- **WHAT THIS TASK INVOLVES**:
Starting at the top of the entries below, set down every line exactly, please, until you reach the line with "#5=PRODUCT_RELATED_PRODUCT_CATEGORY('part','',(#4));", which is included too.

──────────────────────────────

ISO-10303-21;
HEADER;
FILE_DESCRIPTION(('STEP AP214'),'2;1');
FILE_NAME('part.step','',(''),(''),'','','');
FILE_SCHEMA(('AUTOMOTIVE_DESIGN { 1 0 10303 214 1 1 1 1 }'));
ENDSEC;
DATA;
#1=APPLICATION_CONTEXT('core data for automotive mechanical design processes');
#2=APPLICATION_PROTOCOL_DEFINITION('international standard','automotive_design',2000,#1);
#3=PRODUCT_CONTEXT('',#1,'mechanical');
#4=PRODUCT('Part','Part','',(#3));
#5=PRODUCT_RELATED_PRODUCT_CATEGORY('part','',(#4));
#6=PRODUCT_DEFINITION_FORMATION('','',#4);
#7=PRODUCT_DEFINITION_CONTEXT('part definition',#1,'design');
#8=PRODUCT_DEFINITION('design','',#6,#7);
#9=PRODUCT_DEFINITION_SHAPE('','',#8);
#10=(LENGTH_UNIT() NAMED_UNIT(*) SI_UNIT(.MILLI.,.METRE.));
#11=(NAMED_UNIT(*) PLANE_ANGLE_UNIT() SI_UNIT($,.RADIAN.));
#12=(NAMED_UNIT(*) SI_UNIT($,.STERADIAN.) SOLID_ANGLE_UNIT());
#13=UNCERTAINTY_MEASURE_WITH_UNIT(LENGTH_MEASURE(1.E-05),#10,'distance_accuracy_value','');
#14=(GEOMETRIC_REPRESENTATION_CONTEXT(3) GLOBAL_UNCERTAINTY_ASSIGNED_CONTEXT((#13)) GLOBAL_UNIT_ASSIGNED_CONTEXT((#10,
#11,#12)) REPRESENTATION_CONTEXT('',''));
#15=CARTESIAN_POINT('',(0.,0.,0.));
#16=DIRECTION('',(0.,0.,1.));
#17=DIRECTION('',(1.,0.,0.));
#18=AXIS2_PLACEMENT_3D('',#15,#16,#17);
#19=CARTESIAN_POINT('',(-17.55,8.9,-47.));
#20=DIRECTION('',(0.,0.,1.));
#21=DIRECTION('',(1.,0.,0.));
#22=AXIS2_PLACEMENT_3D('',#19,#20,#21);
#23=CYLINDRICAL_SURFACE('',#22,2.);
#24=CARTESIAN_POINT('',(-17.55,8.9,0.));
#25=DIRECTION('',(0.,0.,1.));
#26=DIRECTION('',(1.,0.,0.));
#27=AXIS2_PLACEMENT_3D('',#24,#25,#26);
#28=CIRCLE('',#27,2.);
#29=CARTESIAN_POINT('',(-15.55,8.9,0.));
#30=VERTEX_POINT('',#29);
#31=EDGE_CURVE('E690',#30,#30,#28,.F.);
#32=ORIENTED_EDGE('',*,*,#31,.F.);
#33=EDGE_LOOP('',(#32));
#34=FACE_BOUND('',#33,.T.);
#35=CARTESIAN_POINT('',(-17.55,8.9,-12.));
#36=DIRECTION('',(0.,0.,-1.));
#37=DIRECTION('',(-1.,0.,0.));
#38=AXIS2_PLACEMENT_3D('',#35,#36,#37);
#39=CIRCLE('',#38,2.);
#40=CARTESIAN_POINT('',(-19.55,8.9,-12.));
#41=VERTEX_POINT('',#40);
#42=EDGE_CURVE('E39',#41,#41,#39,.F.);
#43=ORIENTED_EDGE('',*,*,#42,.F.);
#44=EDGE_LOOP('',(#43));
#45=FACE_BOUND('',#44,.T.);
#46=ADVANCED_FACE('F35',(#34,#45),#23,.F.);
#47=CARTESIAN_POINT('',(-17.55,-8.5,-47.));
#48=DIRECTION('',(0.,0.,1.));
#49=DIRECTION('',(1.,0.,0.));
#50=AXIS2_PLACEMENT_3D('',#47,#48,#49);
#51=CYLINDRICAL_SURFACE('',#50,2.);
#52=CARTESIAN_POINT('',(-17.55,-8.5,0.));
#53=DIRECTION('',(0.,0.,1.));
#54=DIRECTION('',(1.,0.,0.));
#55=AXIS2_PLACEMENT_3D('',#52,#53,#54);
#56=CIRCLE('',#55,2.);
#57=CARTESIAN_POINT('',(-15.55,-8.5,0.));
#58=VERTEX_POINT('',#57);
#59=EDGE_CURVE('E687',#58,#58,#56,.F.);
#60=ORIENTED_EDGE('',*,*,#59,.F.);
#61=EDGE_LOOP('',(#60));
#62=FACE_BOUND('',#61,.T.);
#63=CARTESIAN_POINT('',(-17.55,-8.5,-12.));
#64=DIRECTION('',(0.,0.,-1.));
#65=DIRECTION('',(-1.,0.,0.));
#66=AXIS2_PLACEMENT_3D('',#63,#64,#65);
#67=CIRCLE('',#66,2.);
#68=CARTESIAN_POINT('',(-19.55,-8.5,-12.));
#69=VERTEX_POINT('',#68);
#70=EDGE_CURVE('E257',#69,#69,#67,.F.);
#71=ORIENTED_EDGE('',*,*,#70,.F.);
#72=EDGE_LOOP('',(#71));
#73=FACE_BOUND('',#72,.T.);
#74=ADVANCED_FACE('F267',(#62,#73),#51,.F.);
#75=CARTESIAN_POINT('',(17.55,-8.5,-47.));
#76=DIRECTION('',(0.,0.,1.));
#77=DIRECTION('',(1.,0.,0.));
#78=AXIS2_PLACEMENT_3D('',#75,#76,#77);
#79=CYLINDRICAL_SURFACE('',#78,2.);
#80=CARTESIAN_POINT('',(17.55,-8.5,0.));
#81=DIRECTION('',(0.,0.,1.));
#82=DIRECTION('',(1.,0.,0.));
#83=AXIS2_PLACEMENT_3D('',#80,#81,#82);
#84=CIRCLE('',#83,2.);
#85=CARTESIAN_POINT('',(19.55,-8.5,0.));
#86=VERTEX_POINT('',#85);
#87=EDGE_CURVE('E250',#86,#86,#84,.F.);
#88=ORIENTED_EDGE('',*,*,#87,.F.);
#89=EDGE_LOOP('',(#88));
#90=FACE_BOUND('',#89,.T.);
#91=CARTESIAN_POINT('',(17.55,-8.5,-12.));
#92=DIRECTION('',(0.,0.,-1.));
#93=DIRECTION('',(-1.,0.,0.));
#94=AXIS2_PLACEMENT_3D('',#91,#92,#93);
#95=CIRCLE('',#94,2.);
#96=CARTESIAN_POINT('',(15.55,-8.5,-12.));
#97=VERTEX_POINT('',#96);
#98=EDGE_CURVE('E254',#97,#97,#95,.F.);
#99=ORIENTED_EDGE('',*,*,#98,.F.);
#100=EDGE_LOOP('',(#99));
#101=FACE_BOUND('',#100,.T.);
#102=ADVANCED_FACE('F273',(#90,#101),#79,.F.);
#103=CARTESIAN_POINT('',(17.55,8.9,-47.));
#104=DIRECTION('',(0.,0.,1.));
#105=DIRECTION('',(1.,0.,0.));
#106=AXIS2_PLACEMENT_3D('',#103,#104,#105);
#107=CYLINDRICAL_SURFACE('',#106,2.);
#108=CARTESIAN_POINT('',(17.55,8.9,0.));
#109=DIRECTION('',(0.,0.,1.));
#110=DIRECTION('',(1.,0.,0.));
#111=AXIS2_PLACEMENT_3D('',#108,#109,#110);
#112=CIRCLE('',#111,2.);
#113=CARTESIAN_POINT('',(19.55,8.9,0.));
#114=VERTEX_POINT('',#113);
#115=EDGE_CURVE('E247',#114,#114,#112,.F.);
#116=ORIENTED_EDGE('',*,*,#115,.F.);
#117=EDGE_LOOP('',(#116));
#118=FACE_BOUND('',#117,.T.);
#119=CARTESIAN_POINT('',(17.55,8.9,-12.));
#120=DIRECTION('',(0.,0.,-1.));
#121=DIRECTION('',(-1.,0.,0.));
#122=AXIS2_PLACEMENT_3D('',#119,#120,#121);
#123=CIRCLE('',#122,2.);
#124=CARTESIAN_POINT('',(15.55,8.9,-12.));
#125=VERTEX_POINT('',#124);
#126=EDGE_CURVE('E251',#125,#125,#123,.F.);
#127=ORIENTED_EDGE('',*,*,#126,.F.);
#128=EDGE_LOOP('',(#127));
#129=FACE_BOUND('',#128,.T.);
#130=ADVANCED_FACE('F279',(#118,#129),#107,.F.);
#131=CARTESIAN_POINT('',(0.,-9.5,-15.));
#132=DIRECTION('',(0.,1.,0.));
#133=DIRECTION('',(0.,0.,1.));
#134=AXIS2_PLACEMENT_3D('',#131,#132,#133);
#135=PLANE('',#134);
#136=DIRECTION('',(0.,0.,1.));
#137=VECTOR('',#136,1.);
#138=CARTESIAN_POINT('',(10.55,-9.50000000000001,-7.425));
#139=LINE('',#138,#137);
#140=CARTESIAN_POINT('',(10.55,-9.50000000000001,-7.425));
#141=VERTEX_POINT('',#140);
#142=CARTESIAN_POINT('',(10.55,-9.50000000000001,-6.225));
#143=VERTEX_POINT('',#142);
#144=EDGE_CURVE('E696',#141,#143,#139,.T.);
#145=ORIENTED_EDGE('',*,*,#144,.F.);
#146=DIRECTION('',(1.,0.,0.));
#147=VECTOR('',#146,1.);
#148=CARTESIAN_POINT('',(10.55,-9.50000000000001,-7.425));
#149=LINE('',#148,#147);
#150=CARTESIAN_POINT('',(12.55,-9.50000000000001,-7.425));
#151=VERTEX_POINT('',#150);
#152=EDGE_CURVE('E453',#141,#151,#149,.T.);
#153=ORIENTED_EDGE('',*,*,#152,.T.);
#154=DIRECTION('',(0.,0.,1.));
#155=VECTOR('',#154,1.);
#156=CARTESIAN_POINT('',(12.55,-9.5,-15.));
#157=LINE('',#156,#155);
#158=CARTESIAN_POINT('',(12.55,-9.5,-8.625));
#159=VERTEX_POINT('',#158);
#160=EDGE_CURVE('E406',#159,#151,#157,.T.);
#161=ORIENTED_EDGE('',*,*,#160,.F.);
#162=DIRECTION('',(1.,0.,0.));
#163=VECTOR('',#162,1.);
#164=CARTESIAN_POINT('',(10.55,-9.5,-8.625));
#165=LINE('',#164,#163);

──────────────────────────────

- **TASK ANSWER**:
ISO-10303-21;
HEADER;
FILE_DESCRIPTION(('STEP AP214'),'2;1');
FILE_NAME('part.step','',(''),(''),'','','');
FILE_SCHEMA(('AUTOMOTIVE_DESIGN { 1 0 10303 214 1 1 1 1 }'));
ENDSEC;
DATA;
#1=APPLICATION_CONTEXT('core data for automotive mechanical design processes');
#2=APPLICATION_PROTOCOL_DEFINITION('international standard','automotive_design',2000,#1);
#3=PRODUCT_CONTEXT('',#1,'mechanical');
#4=PRODUCT('Part','Part','',(#3));
#5=PRODUCT_RELATED_PRODUCT_CATEGORY('part','',(#4));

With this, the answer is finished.